-- Exercise inputs follows --

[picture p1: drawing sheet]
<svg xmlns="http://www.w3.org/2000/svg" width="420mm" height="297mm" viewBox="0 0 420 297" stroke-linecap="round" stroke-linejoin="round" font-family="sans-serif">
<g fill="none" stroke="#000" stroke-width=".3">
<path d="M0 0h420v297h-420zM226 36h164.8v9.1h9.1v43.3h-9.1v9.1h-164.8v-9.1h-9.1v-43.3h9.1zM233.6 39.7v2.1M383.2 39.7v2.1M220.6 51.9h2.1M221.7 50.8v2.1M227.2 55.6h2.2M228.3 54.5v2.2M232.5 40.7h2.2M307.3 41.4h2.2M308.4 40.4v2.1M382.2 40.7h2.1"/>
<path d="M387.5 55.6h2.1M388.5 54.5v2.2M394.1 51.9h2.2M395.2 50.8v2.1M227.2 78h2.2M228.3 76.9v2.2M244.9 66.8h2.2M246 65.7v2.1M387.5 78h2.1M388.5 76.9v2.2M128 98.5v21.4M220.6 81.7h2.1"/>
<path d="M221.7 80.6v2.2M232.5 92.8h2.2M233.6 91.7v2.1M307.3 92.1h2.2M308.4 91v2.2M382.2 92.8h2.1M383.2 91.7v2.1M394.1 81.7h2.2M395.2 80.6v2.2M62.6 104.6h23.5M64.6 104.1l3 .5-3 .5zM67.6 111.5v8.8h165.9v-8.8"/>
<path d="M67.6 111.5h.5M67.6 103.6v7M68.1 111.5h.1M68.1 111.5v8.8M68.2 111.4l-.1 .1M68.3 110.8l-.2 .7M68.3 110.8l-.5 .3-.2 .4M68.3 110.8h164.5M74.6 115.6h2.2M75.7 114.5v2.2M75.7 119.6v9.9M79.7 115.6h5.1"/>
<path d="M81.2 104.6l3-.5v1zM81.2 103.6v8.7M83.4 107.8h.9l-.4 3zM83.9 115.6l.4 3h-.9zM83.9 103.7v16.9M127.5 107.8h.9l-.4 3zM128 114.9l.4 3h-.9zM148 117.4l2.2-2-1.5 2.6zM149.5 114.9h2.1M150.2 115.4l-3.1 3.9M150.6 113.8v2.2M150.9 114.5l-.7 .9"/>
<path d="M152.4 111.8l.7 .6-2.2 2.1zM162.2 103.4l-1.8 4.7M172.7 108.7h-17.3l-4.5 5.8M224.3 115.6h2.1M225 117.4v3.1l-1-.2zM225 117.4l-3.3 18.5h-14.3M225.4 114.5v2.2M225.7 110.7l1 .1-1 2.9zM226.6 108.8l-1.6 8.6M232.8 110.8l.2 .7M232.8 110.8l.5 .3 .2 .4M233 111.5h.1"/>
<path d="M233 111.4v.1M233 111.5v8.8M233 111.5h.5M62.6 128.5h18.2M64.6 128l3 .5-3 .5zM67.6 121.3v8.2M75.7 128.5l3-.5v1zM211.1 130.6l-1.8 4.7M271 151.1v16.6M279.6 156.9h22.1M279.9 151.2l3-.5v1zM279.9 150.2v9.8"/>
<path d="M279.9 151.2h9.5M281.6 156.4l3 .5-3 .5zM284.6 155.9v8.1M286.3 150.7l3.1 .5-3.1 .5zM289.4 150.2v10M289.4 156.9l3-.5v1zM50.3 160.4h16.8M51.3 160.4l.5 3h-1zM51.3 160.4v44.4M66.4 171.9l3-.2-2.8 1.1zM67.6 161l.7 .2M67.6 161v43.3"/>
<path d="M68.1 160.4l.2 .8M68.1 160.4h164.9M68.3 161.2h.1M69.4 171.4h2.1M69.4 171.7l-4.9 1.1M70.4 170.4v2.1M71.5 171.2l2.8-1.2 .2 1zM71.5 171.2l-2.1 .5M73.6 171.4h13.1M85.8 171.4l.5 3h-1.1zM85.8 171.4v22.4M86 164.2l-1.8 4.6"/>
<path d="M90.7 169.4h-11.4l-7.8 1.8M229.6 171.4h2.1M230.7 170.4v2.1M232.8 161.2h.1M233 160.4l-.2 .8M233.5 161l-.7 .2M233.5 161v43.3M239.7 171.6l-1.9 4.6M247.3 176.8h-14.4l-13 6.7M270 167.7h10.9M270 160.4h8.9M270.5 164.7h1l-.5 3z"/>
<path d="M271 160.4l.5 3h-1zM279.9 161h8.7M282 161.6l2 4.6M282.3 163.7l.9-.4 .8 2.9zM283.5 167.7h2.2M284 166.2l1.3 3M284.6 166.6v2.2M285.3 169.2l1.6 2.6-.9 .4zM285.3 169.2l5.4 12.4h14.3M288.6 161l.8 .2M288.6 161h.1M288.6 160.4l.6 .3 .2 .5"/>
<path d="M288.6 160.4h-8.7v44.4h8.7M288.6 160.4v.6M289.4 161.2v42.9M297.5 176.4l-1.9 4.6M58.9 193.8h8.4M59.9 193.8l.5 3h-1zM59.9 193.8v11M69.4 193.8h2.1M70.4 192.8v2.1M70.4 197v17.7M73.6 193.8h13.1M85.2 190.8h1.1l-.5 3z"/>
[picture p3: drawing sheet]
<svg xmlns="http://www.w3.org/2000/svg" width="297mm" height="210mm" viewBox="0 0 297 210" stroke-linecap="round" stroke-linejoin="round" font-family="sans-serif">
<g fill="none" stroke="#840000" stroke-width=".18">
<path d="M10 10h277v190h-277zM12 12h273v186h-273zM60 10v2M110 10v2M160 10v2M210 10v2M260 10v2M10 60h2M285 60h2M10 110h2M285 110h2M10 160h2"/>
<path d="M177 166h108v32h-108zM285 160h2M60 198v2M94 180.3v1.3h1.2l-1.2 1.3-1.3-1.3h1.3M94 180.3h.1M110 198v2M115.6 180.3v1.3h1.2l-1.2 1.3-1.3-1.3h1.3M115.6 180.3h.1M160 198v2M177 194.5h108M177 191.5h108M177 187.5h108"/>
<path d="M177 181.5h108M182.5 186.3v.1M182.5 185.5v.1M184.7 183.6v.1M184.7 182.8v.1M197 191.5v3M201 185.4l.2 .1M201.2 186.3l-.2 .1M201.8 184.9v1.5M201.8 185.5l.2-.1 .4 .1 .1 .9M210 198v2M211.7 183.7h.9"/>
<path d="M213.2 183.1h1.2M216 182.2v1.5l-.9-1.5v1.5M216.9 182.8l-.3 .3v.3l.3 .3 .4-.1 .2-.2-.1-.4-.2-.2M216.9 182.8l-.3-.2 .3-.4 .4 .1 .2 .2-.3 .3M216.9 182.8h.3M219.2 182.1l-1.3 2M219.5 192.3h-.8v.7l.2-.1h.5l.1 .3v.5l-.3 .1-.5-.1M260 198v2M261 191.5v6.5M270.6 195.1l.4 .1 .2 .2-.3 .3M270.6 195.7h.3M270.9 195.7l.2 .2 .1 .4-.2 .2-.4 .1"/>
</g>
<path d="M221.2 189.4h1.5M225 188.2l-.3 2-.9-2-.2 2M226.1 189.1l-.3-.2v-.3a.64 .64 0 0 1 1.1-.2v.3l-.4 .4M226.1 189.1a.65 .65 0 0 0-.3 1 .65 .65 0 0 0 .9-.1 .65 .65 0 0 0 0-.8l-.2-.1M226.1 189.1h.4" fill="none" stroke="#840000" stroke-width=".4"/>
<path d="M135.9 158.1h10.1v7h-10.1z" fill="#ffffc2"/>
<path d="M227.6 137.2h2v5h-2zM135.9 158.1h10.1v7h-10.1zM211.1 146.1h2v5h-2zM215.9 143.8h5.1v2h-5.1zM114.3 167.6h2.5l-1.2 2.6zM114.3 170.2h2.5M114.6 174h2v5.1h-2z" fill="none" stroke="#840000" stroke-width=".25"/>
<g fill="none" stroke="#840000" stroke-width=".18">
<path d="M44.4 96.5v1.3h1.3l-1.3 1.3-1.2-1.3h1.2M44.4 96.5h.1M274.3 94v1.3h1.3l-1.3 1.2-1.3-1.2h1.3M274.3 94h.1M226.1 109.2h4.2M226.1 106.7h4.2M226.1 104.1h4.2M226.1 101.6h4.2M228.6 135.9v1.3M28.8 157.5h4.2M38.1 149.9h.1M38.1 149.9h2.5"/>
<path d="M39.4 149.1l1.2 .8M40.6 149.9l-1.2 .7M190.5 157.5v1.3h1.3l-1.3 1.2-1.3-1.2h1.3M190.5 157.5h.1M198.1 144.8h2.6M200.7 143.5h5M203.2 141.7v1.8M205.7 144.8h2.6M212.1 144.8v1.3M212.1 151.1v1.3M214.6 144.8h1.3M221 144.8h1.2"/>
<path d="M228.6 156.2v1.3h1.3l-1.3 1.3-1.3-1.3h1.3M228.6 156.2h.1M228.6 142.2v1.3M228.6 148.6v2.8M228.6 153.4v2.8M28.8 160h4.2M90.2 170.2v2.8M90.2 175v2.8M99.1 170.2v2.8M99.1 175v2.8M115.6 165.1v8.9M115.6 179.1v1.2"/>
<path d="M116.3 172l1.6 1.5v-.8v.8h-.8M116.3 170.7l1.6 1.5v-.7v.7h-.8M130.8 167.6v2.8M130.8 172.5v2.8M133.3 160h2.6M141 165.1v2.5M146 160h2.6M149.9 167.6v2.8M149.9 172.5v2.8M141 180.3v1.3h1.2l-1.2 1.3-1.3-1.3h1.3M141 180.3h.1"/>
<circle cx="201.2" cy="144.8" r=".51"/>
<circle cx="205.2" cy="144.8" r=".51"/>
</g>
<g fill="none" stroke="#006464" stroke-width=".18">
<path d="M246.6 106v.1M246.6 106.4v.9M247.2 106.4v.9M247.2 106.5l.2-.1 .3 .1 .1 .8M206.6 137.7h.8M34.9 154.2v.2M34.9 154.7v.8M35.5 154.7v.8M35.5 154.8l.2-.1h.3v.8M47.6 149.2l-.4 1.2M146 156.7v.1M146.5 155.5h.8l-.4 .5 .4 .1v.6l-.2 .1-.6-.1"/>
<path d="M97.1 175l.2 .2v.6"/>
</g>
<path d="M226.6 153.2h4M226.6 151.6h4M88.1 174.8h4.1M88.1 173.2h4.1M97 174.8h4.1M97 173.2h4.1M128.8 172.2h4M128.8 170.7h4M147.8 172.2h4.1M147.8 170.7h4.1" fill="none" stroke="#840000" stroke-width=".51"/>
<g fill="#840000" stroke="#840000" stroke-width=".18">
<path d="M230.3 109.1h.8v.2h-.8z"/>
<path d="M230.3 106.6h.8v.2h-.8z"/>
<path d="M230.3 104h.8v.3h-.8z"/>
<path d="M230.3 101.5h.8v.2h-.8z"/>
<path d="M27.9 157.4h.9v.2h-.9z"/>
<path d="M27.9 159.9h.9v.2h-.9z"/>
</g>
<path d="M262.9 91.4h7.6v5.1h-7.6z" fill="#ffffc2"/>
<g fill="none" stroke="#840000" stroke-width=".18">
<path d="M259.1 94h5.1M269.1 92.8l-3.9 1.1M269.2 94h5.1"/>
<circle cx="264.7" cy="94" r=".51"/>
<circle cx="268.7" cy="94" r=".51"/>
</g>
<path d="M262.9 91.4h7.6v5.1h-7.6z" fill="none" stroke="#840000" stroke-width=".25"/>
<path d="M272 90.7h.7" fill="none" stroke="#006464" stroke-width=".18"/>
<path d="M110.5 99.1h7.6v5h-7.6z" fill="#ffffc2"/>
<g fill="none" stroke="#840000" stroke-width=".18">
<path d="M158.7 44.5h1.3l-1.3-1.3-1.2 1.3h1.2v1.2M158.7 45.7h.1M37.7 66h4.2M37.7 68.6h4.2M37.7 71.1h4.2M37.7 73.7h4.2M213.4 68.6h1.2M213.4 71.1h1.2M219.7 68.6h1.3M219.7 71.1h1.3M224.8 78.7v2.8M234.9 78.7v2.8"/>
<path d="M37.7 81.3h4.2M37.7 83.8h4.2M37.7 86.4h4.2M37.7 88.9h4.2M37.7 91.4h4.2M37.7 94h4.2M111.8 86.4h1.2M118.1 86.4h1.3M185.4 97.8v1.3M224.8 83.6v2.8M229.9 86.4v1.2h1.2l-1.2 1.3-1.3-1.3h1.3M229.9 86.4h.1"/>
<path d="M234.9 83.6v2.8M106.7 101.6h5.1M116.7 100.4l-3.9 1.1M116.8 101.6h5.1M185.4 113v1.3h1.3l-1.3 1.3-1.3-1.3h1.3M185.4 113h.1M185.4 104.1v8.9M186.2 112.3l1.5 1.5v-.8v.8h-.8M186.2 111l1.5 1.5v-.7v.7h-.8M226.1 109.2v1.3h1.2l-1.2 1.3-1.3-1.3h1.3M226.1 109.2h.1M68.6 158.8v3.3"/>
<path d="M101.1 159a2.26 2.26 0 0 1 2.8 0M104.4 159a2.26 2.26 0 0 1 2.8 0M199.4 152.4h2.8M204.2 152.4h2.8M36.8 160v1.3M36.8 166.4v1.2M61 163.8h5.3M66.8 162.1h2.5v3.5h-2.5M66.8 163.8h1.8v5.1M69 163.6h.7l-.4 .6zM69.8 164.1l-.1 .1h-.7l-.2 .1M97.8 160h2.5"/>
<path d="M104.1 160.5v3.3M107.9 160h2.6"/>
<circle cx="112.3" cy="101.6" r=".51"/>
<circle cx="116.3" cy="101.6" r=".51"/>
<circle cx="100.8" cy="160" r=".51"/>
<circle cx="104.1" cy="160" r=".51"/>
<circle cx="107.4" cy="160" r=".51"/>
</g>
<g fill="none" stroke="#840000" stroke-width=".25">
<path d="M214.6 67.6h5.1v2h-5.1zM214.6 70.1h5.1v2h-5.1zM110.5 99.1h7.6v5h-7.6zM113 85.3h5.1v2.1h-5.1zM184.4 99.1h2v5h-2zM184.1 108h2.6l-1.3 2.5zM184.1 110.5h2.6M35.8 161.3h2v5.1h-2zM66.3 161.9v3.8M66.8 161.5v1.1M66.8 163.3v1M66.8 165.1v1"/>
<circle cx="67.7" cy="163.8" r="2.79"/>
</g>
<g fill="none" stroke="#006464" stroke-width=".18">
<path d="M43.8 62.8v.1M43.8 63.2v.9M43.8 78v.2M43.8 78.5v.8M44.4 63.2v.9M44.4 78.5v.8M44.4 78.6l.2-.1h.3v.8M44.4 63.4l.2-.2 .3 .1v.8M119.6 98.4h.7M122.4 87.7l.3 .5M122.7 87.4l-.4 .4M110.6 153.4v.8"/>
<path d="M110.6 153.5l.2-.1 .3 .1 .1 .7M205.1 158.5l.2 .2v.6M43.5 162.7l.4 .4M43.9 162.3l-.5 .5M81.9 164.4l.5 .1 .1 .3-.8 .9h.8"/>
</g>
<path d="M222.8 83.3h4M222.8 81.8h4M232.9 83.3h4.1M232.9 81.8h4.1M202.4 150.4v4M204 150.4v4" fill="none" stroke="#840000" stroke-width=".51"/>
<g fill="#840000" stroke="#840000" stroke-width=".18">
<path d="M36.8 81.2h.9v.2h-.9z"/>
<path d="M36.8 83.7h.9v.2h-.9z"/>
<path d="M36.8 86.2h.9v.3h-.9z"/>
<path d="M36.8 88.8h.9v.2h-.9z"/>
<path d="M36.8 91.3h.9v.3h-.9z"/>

-- Exercise inputs concluded --

▸ **Exercise instructions**
Write out, from the lines above, only those from the line with "160.4l.5 3h-1zM279.9 161h8.7M282" to the line with "189.4h1.5M225 188.2l-.3 2-.9-2-.2", exactly as given, including the first and the last.

▸ **Result below**
<path d="M271 160.4l.5 3h-1zM279.9 161h8.7M282 161.6l2 4.6M282.3 163.7l.9-.4 .8 2.9zM283.5 167.7h2.2M284 166.2l1.3 3M284.6 166.6v2.2M285.3 169.2l1.6 2.6-.9 .4zM285.3 169.2l5.4 12.4h14.3M288.6 161l.8 .2M288.6 161h.1M288.6 160.4l.6 .3 .2 .5"/>
<path d="M288.6 160.4h-8.7v44.4h8.7M288.6 160.4v.6M289.4 161.2v42.9M297.5 176.4l-1.9 4.6M58.9 193.8h8.4M59.9 193.8l.5 3h-1zM59.9 193.8v11M69.4 193.8h2.1M70.4 192.8v2.1M70.4 197v17.7M73.6 193.8h13.1M85.2 190.8h1.1l-.5 3z"/>
[picture p3: drawing sheet]
<svg xmlns="http://www.w3.org/2000/svg" width="297mm" height="210mm" viewBox="0 0 297 210" stroke-linecap="round" stroke-linejoin="round" font-family="sans-serif">
<g fill="none" stroke="#840000" stroke-width=".18">
<path d="M10 10h277v190h-277zM12 12h273v186h-273zM60 10v2M110 10v2M160 10v2M210 10v2M260 10v2M10 60h2M285 60h2M10 110h2M285 110h2M10 160h2"/>
<path d="M177 166h108v32h-108zM285 160h2M60 198v2M94 180.3v1.3h1.2l-1.2 1.3-1.3-1.3h1.3M94 180.3h.1M110 198v2M115.6 180.3v1.3h1.2l-1.2 1.3-1.3-1.3h1.3M115.6 180.3h.1M160 198v2M177 194.5h108M177 191.5h108M177 187.5h108"/>
<path d="M177 181.5h108M182.5 186.3v.1M182.5 185.5v.1M184.7 183.6v.1M184.7 182.8v.1M197 191.5v3M201 185.4l.2 .1M201.2 186.3l-.2 .1M201.8 184.9v1.5M201.8 185.5l.2-.1 .4 .1 .1 .9M210 198v2M211.7 183.7h.9"/>
<path d="M213.2 183.1h1.2M216 182.2v1.5l-.9-1.5v1.5M216.9 182.8l-.3 .3v.3l.3 .3 .4-.1 .2-.2-.1-.4-.2-.2M216.9 182.8l-.3-.2 .3-.4 .4 .1 .2 .2-.3 .3M216.9 182.8h.3M219.2 182.1l-1.3 2M219.5 192.3h-.8v.7l.2-.1h.5l.1 .3v.5l-.3 .1-.5-.1M260 198v2M261 191.5v6.5M270.6 195.1l.4 .1 .2 .2-.3 .3M270.6 195.7h.3M270.9 195.7l.2 .2 .1 .4-.2 .2-.4 .1"/>
</g>
<path d="M221.2 189.4h1.5M225 188.2l-.3 2-.9-2-.2 2M226.1 189.1l-.3-.2v-.3a.64 .64 0 0 1 1.1-.2v.3l-.4 .4M226.1 189.1a.65 .65 0 0 0-.3 1 .65 .65 0 0 0 .9-.1 .65 .65 0 0 0 0-.8l-.2-.1M226.1 189.1h.4" fill="none" stroke="#840000" stroke-width=".4"/>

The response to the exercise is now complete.